Dataset excerpts:

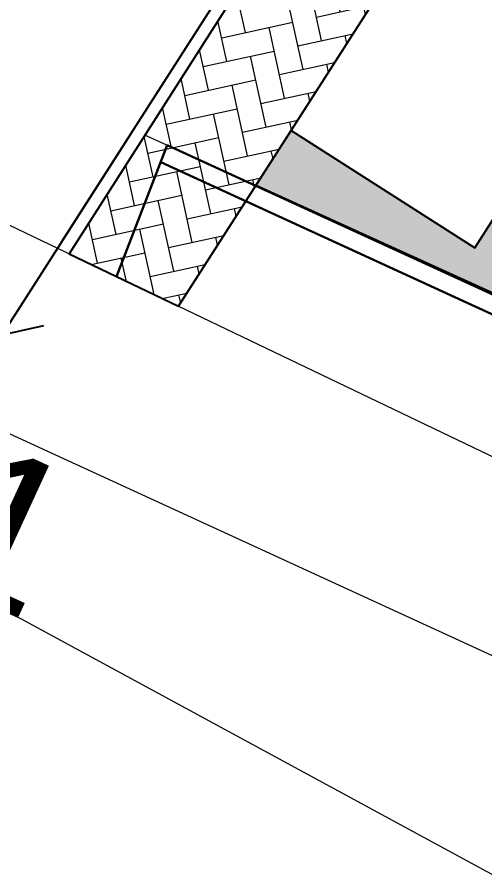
# Model space of a CAD drawing. Header units: inches. Extents: x 249 to 1192, y -18 to 440.
# Drawn here: x 898.78 to 902.64, y 175.03 to 182.1 of the extents above; entities that cross this region are included whole.
import ezdxf

# ---------------------------------------------------------------- set-up
doc = ezdxf.new("R2010")
doc.units = ezdxf.units.IN
doc.header["$MEASUREMENT"] = 0
for name, color, linetype, lineweight in [('ARSIR WARNA', 66, 'Continuous', 0), ('DIMENSI', 85, 'Continuous', 20), ('DINDING', 6, 'Continuous', 0), ('JALAN EKSISTING', 51, 'Continuous', 20), ('PAGAR SITE', 6, 'Continuous', 30)]:
    doc.layers.add(name, color=color, linetype=linetype, lineweight=lineweight)
doc.layers.add('KANSTEEN', color=204, linetype='Continuous')
doc.layers.add('RUMPUT', color=86, linetype='Continuous')
doc.styles.get("Standard").update_dxf_attribs({"font": 'arial.ttf'})
doc.dimstyles.new('UK. GDG PERTEMUAN', dxfattribs={"dimtxt": 0.5, "dimasz": 0.5, "dimexe": 0.5, "dimexo": 0.05, "dimgap": 0.1, "dimtad": 2, "dimdec": 0, "dimlfac": 100, "dimzin": 0, "dimdsep": 46, "dimtxsty": 'Standard', "dimblk": 'OBLIQUE', "dimcen": 0.09, "dimclrd": 8, "dimclre": 256, "dimclrt": 256, "dimadec": 0, "dimazin": 0, "dimtfac": 1, "dimtdec": 0, "dimtofl": 0, "dimtmove": 0, "dimatfit": 3, "dimldrblk": 'OBLIQUE', "dimfxl": 0, "dimtolj": 1, "dimtzin": 0, "dimarcsym": 0})
pattern_1 = [(57.36874968947846, (-1.13686837721616e-13, 150.3474551388494), (-0.0535506494527033, 0.244197313478704), [0.046875, -0.30667839075]), (12.36874968947846, (-1.13686837721616e-13, 150.3474551388494), (-0.05355064946683093, 0.2441973135431277), [0.04687499999999999, -0.2031249999999999]), (102.3687496894784, (-1.13686837721616e-13, 150.3474551388494), (-0.2441973135431277, -0.05355064946683093), [0.04687499999999999, -0.203125])]

# ---------------------------------------------------------------- blocks, each defined once
blk = doc.blocks.new('_Oblique')
at = {"color": 0, "linetype": 'ByBlock', "lineweight": -2}
blk.add_line((-0.5, -0.5), (0.5, 0.5), dxfattribs=at)
blk = doc.blocks.new('*D158')
at = {"layer": 'DEFPOINTS', "color": 0}
for p in [(137.8456098087099, 188.26851788082), (150.1216633506018, 182.6277192284477), (149.0524415104673, 180.3007748777341)]:
    blk.add_point(p, dxfattribs=at)
at = {"layer": 'DIMENSI', "lineweight": -2}
for p, q in [((137.8247334258366, 188.2230846700802), (136.358860311109, 185.0329093153106)), ((150.1007869677284, 182.5822860177079), (148.6349138530008, 179.3921106629382))]:
    blk.add_line(p, q, dxfattribs=at)
at = {"layer": 'DIMENSI', "color": 8, "lineweight": -2}
blk.add_line((136.7763879685755, 185.9415735301064), (149.0524415104673, 180.3007748777341), dxfattribs=at)
for p, rotation in [((136.7763879685755, 185.9415735301064), 155.3214037185743), ((149.0524415104673, 180.3007748777341), 335.3214037185743)]:
    blk.add_blockref('_Oblique', p, dxfattribs=dict(at, rotation=rotation))
at = {"layer": 'DIMENSI', "insert": (142.4361741002255, 182.5280355480827), "char_height": 1.25, "attachment_point": 5, "rotation": 335.3214037185743}
blk.add_mtext('\\A1;13.51', dxfattribs=at)
blk = doc.blocks.new('*D557')
at = {"layer": 'DEFPOINTS', "color": 0}
for p in [(894.689948090868, 184.4017713716386), (893.6048336346914, 182.7070623636175), (899.7428985803599, 181.1663901961439)]:
    blk.add_point(p, dxfattribs=at)
at = {"layer": 'DIMENSI', "lineweight": -2}
for p, q in [((894.6629865810723, 184.3596634508929), (893.3352185367336, 182.2859831561599)), ((899.7159370705642, 181.1242822753982), (898.3881690262255, 179.0506019806652))]:
    blk.add_line(p, q, dxfattribs=at)
at = {"layer": 'DIMENSI', "color": 8, "lineweight": -2}
blk.add_line((898.6577841241833, 179.4716811881229), (893.6048336346914, 182.7070623636175), dxfattribs=at)
at = {"layer": 'DIMENSI', "color": 8, "lineweight": -2, "xscale": 0.5, "yscale": 0.5, "zscale": 0.5}
for p, rotation in [((893.6048336346914, 182.7070623636175), 147.368749689479), ((898.6577841241833, 179.4716811881229), 327.368749689479)]:
    blk.add_blockref('_Oblique', p, dxfattribs=dict(at, rotation=rotation))
at = {"layer": 'DIMENSI', "insert": (895.9397276737465, 180.7901642653596), "char_height": 0.5, "attachment_point": 5, "rotation": 327.36874968947905}
blk.add_mtext('\\A1;600', dxfattribs=at)
blk = doc.blocks.new('TAPAK')
at = {"layer": 'JALAN EKSISTING'}
blk.add_lwpolyline([(111.2206292952591, 198.5246483036973), (114.1520172473667, 196.9605262585209), (118.1025121699359, 194.5684049608581), (124.4949881737375, 191.2347883048394), (133.4938750719161, 186.5842754945005), (144.1129787563938, 181.084113947523), (150.5086125343852, 177.6129823051394), (153.5283408098171, 175.8695413724393), (161.5482707082809, 170.5057118344577), (173.5104367881203, 157.4783684119153), (174.7814143634374, 157.4289148458895), (175.5842585491532, 157.482951444963), (176.8482628823491, 157.8216403852723), (178.1552837974704, 158.6494173378516), (166.2140899534475, 170.5906111818745), (163.5894277690267, 173.2152733662953), (152.8547193454799, 180.3408767596147), (150.4178729642959, 181.2665774504126), (144.8174542957241, 183.9517369213395), (140.8715749976587, 185.8436160459832), (131.3555975671376, 190.439674062226), (125.8997465774214, 193.2924021786388), (119.616771037423, 196.4361768885096), (112.6641246728658, 200.9344348572602)], dxfattribs=at)
at = {"layer": 'PAGAR SITE'}
for points in [[(144.9004116010127, 183.9119624674709), (145.3198283391324, 184.9992211416859)], [(157.4784533565943, 178.5168107710476), (153.5714934548413, 181.2436305607669), (150.1836918627957, 182.7642948507588), (145.3198283391324, 184.9992211416859)], [(157.3883741834582, 178.3967593154953), (153.4972056168941, 181.1125577161085), (150.1216633506018, 182.6277192284478), (145.2657366256669, 184.8589985913602)]]:
    blk.add_lwpolyline(points, dxfattribs=at)
at = {"layer": 'DIMENSI'}
dim = blk.add_linear_dim(base=(149.0524415104673, 180.3007748777341), p1=(137.8456098087099, 188.26851788082), p2=(150.1216633506017, 182.6277192284477), angle=335.3214037185744, text='13.51', dimstyle='UK. GDG PERTEMUAN', override={"dimtxt": 1.25, "dimasz": 1, "dimexe": 1}, dxfattribs=at)
dim.commit()
dim.dimension.update_dxf_attribs({"geometry": '*D158', "text_midpoint": (142.7445778000125, 183.1992136142434), "dimtype": 161})

msp = doc.modelspace()

# ---------------------------------------------------------------- hatches: boundary and pattern name
at = {"layer": 'ARSIR WARNA'}
h = msp.add_hatch(dxfattribs=at)
h.set_pattern_fill('AR-HBONE', color=45, scale=0.05, angle=-32.63125031052153, style=0)
h.set_pattern_definition([(12.36874968947846, (899.211841268246, 173.6640209250638), (0.1525173312610374, 0.2381983704079669), [0.5999999999999998, -0.1999999999999999]), (102.3687496894784, (899.407199119098, 173.7068614446411), (0.1525173312610374, 0.2381983704079669), [0.5999999999999999, -0.2])])
edge = h.paths.add_edge_path()
edge.add_line((910.8192793493005, 174.2155500668063), (911.653562805241, 173.6640209250638))
edge.add_line((911.653562805241, 173.6640209250638), (913.1289430790239, 175.9682389050235))
edge.add_arc((909.8445252608542, 178.071236669095), 3.900000000000057, 327.3687496894784, 417.3687496894779)
edge.add_line((911.9475230249258, 181.3556544872647), (908.5129392048062, 183.5548028581784))
edge.add_line((908.5129392048062, 183.5548028581784), (906.7462093560249, 184.6860319305429))
edge.add_arc((904.6432115919534, 181.4016141123732), 3.899999999999963, 57.36874968947905, 147.3687496894788)
edge.add_line((901.3587937737838, 183.5046118764448), (899.211841268246, 180.1394565837524))
edge.add_line((899.211841268246, 180.1394565837524), (900.1144344591573, 179.7067020347808))
edge.add_line((900.1144344591573, 179.7067020347808), (902.200952188699, 182.965381680529))
edge.add_arc((904.6432115919534, 181.4016141123732), 2.900000000000076, 57.3687496894795, 147.3687496894784, ccw=False)
edge.add_line((906.2069791601092, 183.8438735156277), (907.9737090088904, 182.7126444432631))
edge.add_line((907.9737090088904, 182.7126444432631), (911.4082928290101, 180.5134960723494))
edge.add_arc((909.8445252608542, 178.0712366690951), 2.90000000000005, -32.63125031052152, 57.36874968947609, ccw=False)
edge.add_line((912.2867846641086, 176.5074691009393), (910.8114043903257, 174.2032511209796))
at = {"layer": 'RUMPUT'}
h = msp.add_hatch(dxfattribs=at)
h.set_pattern_fill('GRASS', color=256, scale=0.25, angle=-32.63125031052153, style=0)
h.set_pattern_definition(pattern_1)
edge = h.paths.add_edge_path(flags=17)
edge.add_line((928.2641801358428, 238.1271219383081), (928.210257116251, 238.0429060968166))
edge.add_line((928.210257116251, 238.0429060968166), (927.4523145428276, 238.5282132731405))
edge.add_line((927.4523145428276, 238.5282132731405), (927.9376217191517, 239.2861558465638))
edge.add_line((927.9376217191517, 239.2861558465638), (944.9810419464962, 265.7187626837782))
edge.add_line((944.9810419464962, 265.7187626837782), (944.6881731201453, 265.9062852588823))
edge.add_line((944.6881731201453, 265.9062852588823), (940.4070226355533, 258.9280528368603))
edge.add_line((940.4070226355533, 258.9280528368603), (924.793628950703, 240.4758183067917))
edge.add_line((924.793628950703, 240.4758183067918), (906.9246372932736, 247.3250345119762))
edge.add_line((906.9246372932736, 247.3250345119762), (902.6198956972331, 249.6291566118728))
edge.add_line((902.6198956972331, 249.6291566118728), (887.5537847216923, 220.0204940367008))
edge.add_line((887.5537847216923, 220.0204940367008), (887.5839640358096, 220.0011703593785))
edge.add_line((887.5839640358096, 220.0011703593785), (891.4664214464029, 226.0647109467683))
edge.add_line((891.4664214464029, 226.0647109467683), (893.1507382762344, 224.9862505549363))
edge.add_line((893.1507382762344, 224.9862505549363), (895.8468892558132, 229.1970426295128))
edge.add_line((895.8468892558132, 229.1970426295128), (898.4575803420504, 227.5254290221743))
edge.add_line((898.4575803420504, 227.5254290221743), (900.9840555867964, 225.9077384344269))
edge.add_line((900.9840555867964, 225.9077384344269), (903.1766002224102, 224.503862094208))
edge.add_line((903.1766002224102, 224.503862094208), (906.037006076289, 222.6723572589328))
edge.add_line((906.037006076289, 222.6723572589328), (908.5634813210348, 221.0546666711856))
edge.add_line((908.5634813210348, 221.0546666711856), (911.0899565657807, 219.4369760834385))
edge.add_arc((911.5752637421048, 220.1949186568622), 0.8999999999999068, 237.3687496894809, 417.3687496894814)
edge.add_line((912.0605709184289, 220.9528612302859), (909.534095673683, 222.570551818033))
edge.add_line((909.534095673683, 222.570551818033), (907.0076204289372, 224.1882424057802))
edge.add_line((907.0076204289372, 224.1882424057802), (905.42870871042, 225.1992123850987))
edge.add_line((905.42870871042, 225.1992123850987), (904.4811451841912, 225.8059329935278))
edge.add_line((904.4811451841912, 225.8059329935278), (901.9546699394456, 227.4236235812754))
edge.add_line((901.9546699394456, 227.4236235812754), (899.4281946946995, 229.0413141690227))
edge.add_line((899.4281946946995, 229.0413141690227), (896.8175036084623, 230.7129277763615))
edge.add_line((896.8175036084623, 230.7129277763615), (899.5136545880415, 234.9237198509381))
edge.add_line((899.5136545880415, 234.9237198509381), (897.8293377582105, 236.00218024277))
edge.add_line((897.8293377582105, 236.00218024277), (901.7117951688039, 242.0657208301597))
edge.add_line((901.7117951688039, 242.0657208301597), (903.3961119986349, 240.9872604383278))
edge.add_line((903.3961119986349, 240.9872604383278), (906.0922629782136, 245.1980525129046))
edge.add_line((906.0922629782136, 245.1980525129046), (921.3353302881802, 235.4379859668289))
edge.add_line((921.3353302881802, 235.4379859668289), (926.4724966191635, 232.1486817717427))
edge.add_line((926.4724966191635, 232.1486817717427), (923.7225291895685, 227.8538402938037))
edge.add_line((923.7225291895685, 227.8538402938037), (919.463051469438, 221.1432149451381))
edge.add_line((919.463051469438, 221.1432149451381), (919.6768221338963, 221.0063385626959))
edge.add_line((919.6768221338963, 221.0063385626959), (925.0547665600767, 229.3244415627794))
edge.add_arc((932.3615963517667, 223.5711608990821), 9.300000000000063, 66.3350080141156, 141.7836714338509, ccw=False)
edge.add_line((936.0945068641441, 232.0891054343901), (936.5596564253325, 232.8155662671032))
edge.add_line((936.5596564253325, 232.8155662671032), (928.2641801358428, 238.1271219383082))
edge = h.paths.add_edge_path()
edge.add_arc((902.0036540352787, 201.3876506392976), 2.899999999999944, 21.48045213667681, 57.36874968948014)
edge.add_line((903.5674216034344, 203.829910042552), (886.5721298860623, 214.7119178929705))
edge.add_line((886.5721298860623, 214.7119178929705), (889.268280865641, 218.9227099675464))
edge.add_line((889.268280865641, 218.9227099675464), (887.5537847216923, 220.0204940367008))
edge.add_line((887.5537847216923, 220.0204940367008), (884.8649772892378, 214.7363173751585))
edge.add_line((884.8649772892378, 214.7363173751585), (899.8177184374614, 202.7367090702986))
edge.add_line((899.8177184374614, 202.7367090702986), (892.7388052037915, 184.3859635759057))
edge.add_line((892.7388052037915, 184.3859635759057), (893.0458401206889, 184.2448822308663))
edge.add_line((893.0458401206889, 184.2448822308663), (904.7022274439961, 202.44958357398))
edge = h.paths.add_edge_path()
edge.add_arc((936.7399936000422, 195.4112244067168), 1.89999999999996, 57.36874968947894, 147.3687496894797)
edge.add_line((935.1398926117032, 196.4357617789567), (918.3671724142149, 170.2404790178616))
edge.add_line((918.3671724142149, 170.2404790178616), (918.7450692695428, 169.9754589107608))
edge.add_line((918.7450692695428, 169.9754589107608), (936.7549778665604, 193.0607695623063))
edge.add_line((936.7549778665604, 193.0607695623063), (952.0053637954162, 180.4123966854627))
edge.add_line((952.0053637954162, 180.4123966854627), (952.4805707531592, 182.8497661309809))
edge.add_line((952.4805707531592, 182.8497661309809), (994.0278929164666, 235.8605747491551))
edge.add_line((994.0278929164666, 235.8605747491551), (953.0004330159019, 262.5435687067472))
edge.add_line((953.0004330159019, 262.5435687067472), (949.137272090116, 264.7024635552781))
edge.add_line((949.137272090116, 264.7024635552781), (945.2741111643296, 266.861358403809))
edge.add_line((945.2741111643296, 266.861358403809), (940.4070226355533, 258.9280528368603))
edge.add_line((940.4070226355533, 258.9280528368603), (924.793628950703, 240.4758183067917))
edge.add_line((924.793628950703, 240.4758183067918), (906.9246372932736, 247.3250345119762))
edge.add_line((906.9246372932736, 247.3250345119762), (902.6198956972331, 249.6291566118728))
edge.add_line((902.6198956972331, 249.6291566118728), (887.5537847216923, 220.0204940367008))
edge.add_line((887.5537847216923, 220.0204940367008), (887.5839640358096, 220.0011703593785))
edge.add_line((887.5839640358096, 220.0011703593785), (891.4664214464029, 226.0647109467683))
edge.add_line((891.4664214464029, 226.0647109467683), (893.1507382762344, 224.9862505549363))
edge.add_line((893.1507382762344, 224.9862505549363), (895.8468892558132, 229.1970426295128))
edge.add_line((895.8468892558132, 229.1970426295128), (898.4575803420504, 227.5254290221743))
edge.add_line((898.4575803420504, 227.5254290221743), (900.9840555867964, 225.9077384344269))
edge.add_line((900.9840555867964, 225.9077384344269), (903.1766002224102, 224.503862094208))
edge.add_line((903.1766002224102, 224.503862094208), (906.037006076289, 222.6723572589328))
edge.add_line((906.037006076289, 222.6723572589328), (908.5634813210348, 221.0546666711856))
edge.add_line((908.5634813210348, 221.0546666711856), (911.0899565657807, 219.4369760834385))
edge.add_arc((911.5752637421048, 220.1949186568622), 0.8999999999999068, 237.3687496894809, 417.3687496894814)
edge.add_line((912.0605709184289, 220.9528612302859), (909.534095673683, 222.570551818033))
edge.add_line((909.534095673683, 222.570551818033), (907.0076204289372, 224.1882424057802))
edge.add_line((907.0076204289372, 224.1882424057802), (905.42870871042, 225.1992123850987))
edge.add_line((905.42870871042, 225.1992123850987), (904.4811451841912, 225.8059329935278))
edge.add_line((904.4811451841912, 225.8059329935278), (901.9546699394456, 227.4236235812754))
edge.add_line((901.9546699394456, 227.4236235812754), (899.4281946946995, 229.0413141690227))
edge.add_line((899.4281946946995, 229.0413141690227), (896.8175036084623, 230.7129277763615))
edge.add_line((896.8175036084623, 230.7129277763615), (899.5136545880415, 234.9237198509381))
edge.add_line((899.5136545880415, 234.9237198509381), (897.8293377582105, 236.00218024277))
edge.add_line((897.8293377582105, 236.00218024277), (901.7117951688039, 242.0657208301597))
edge.add_line((901.7117951688039, 242.0657208301597), (903.3961119986349, 240.9872604383278))
edge.add_line((903.3961119986349, 240.9872604383278), (906.0922629782136, 245.1980525129046))
edge.add_line((906.0922629782136, 245.1980525129046), (921.3353302881802, 235.4379859668289))
edge.add_line((921.3353302881802, 235.4379859668289), (926.4724966191635, 232.1486817717427))
edge.add_line((926.4724966191635, 232.1486817717427), (923.7225291895685, 227.8538402938037))
edge.add_line((923.7225291895685, 227.8538402938037), (919.463051469438, 221.1432149451381))
edge.add_line((919.463051469438, 221.1432149451381), (919.6768221338963, 221.0063385626959))
edge.add_line((919.6768221338963, 221.0063385626959), (925.0547665600767, 229.3244415627794))
edge.add_arc((932.3615963517667, 223.5711608990821), 9.300000000000063, 66.3350080141156, 141.7836714338509, ccw=False)
edge.add_line((936.0945068641441, 232.0891054343901), (936.5596564253325, 232.8155662671032))
edge.add_line((936.5596564253325, 232.8155662671032), (928.2641801358428, 238.1271219383082))
edge.add_line((928.2641801358428, 238.1271219383081), (928.210257116251, 238.0429060968166))
edge.add_line((928.210257116251, 238.0429060968166), (927.4523145428276, 238.5282132731405))
edge.add_line((927.4523145428276, 238.5282132731405), (927.9376217191517, 239.2861558465638))
edge.add_line((927.9376217191517, 239.2861558465638), (944.9810419464962, 265.7187626837782))
edge.add_line((944.9810419464962, 265.7187626837782), (944.8968261050046, 265.7726857033697))
edge.add_line((944.8968261050046, 265.7726857033697), (945.3821332813287, 266.5306282767932))
edge.add_line((945.3821332813287, 266.5306282767932), (945.0378815538875, 265.6220840357166))
edge.add_line((945.0378815538875, 265.6220840357167), (966.3961127163826, 251.8283722682141))
edge.add_line((966.3961127163826, 251.8283722682141), (987.2184795251611, 238.4959056741984))
edge.add_line((987.2184795251611, 238.4959056741984), (987.7848094723096, 239.3803879124368))
edge.add_line((987.7848094723096, 239.3803879124368), (987.3024339253069, 238.4415765959837))
edge.add_line((987.3024339253069, 238.4415765959837), (987.976155706937, 238.0101864792329))
edge.add_line((987.976155706937, 238.0101864792329), (989.8828169332336, 236.9080762407978))
edge.add_line((989.8828169332336, 236.9080762407978), (990.456695261496, 236.5406245619924))
edge.add_line((990.456695261496, 236.5406245619924), (978.5775728439761, 217.9538006475311))
edge.add_line((978.5775728439761, 217.9538006475311), (977.5716846833687, 218.6082348150211))
edge.add_line((977.5716846833687, 218.6082348150211), (973.9826760007684, 213.1882625206376))
edge.add_arc((963.9830200851625, 219.4284287330935), 11.78697555735094, 271.6088435800943, 328.0342658814109, ccw=False)
edge.add_line((964.3139503599156, 207.6460996788343), (963.9111392153794, 207.5327163177247))
edge.add_line((963.9111392153794, 207.5327163177247), (963.6031439829554, 207.2494292874127))
edge.add_line((963.6031439829554, 207.2494292874126), (962.2875738019667, 205.2953188658096))
edge.add_line((962.2875738019667, 205.2953188658096), (966.4964052996175, 202.6004232347034))
edge.add_line((966.4964052996175, 202.6004232347034), (961.5354874971925, 194.8525658174829))
edge.add_line((961.5354874971925, 194.8525658174829), (959.0090122524454, 196.4702564052309))
edge.add_line((959.0090122524454, 196.4702564052309), (955.8275540965427, 191.5015217572303))
edge.add_line((955.8275540965427, 191.5015217572303), (953.0774800973728, 187.2065138411622))
edge.add_line((953.0774800973728, 187.2065138411622), (937.7645309722822, 197.0113253950558))
h = msp.add_hatch(dxfattribs=at)
h.set_pattern_fill('GRASS', color=256, scale=0.25, angle=-32.63125031052153, style=0)
h.set_pattern_definition(pattern_1)
edge = h.paths.add_edge_path()
edge.add_line((944.6616194077268, 265.863002973527), (944.9535297677759, 265.6760941000285))
edge.add_line((944.9535297677759, 265.6760941000285), (944.9810419464962, 265.7187626837782))
edge.add_line((944.9810419464962, 265.7187626837782), (944.8968261050046, 265.7726857033697))
edge.add_line((944.8968261050046, 265.7726857033697), (945.3821332813287, 266.5306282767932))
edge.add_line((945.3821332813287, 266.5306282767932), (946.1400758547524, 266.0453211004692))
edge.add_line((946.1400758547524, 266.0453211004692), (987.7311629355853, 239.2966038760912))
edge.add_line((987.7311629355853, 239.2966038760912), (987.7848094723096, 239.3803879124368))
edge.add_line((987.7848094723096, 239.3803879124368), (988.542752045733, 238.8950807361128))
edge.add_line((988.542752045733, 238.8950807361128), (987.976155706937, 238.0101864792329))
edge.add_line((987.976155706937, 238.0101864792329), (989.8828169332336, 236.9080762407978))
edge.add_line((989.8828169332336, 236.9080762407978), (990.456695261496, 236.5406245619924))
edge.add_line((990.456695261496, 236.5406245619924), (978.5775728439763, 217.9538006475308))
edge.add_line((978.5775728439763, 217.9538006475308), (977.5716846833687, 218.6082348150209))
edge.add_line((977.5716846833687, 218.6082348150209), (973.9826760007684, 213.1882625206373))
edge.add_arc((963.983020085164, 219.4284287330915), 11.78697555734887, 271.60884358008735, 328.03426588141417, ccw=False)
edge.add_line((964.3139503599156, 207.6460996788343), (963.9111392153794, 207.5327163177247))
edge.add_line((963.9111392153794, 207.5327163177247), (963.6031439829554, 207.2494292874126))
edge.add_line((963.6031439829554, 207.2494292874126), (962.2875738019667, 205.2953188658096))
edge.add_line((962.2875738019667, 205.2953188658096), (966.4964052996175, 202.6004232347034))
edge.add_line((966.4964052996175, 202.6004232347034), (961.5354874971925, 194.8525658174829))
edge.add_line((961.5354874971925, 194.8525658174829), (959.0090122524454, 196.4702564052309))
edge.add_line((959.0090122524454, 196.4702564052309), (953.0774800973728, 187.2065138411622))
edge.add_line((953.0774800973728, 187.2065138411622), (937.7645309722822, 197.0113253950558))
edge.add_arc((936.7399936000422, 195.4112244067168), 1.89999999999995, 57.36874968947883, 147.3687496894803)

Task prompt:
Your answer should be the lines above, from the line containing "202.7367090702986), (892.7388052037915, 184.3859635759057))" up to and including the line containing "1.89999999999996, 57.36874968947894, 147.3687496894797)", reproduced exactly and with nothing else.

Answer to this problem:
edge.add_line((899.8177184374614, 202.7367090702986), (892.7388052037915, 184.3859635759057))
edge.add_line((892.7388052037915, 184.3859635759057), (893.0458401206889, 184.2448822308663))
edge.add_line((893.0458401206889, 184.2448822308663), (904.7022274439961, 202.44958357398))
edge = h.paths.add_edge_path()
edge.add_arc((936.7399936000422, 195.4112244067168), 1.89999999999996, 57.36874968947894, 147.3687496894797)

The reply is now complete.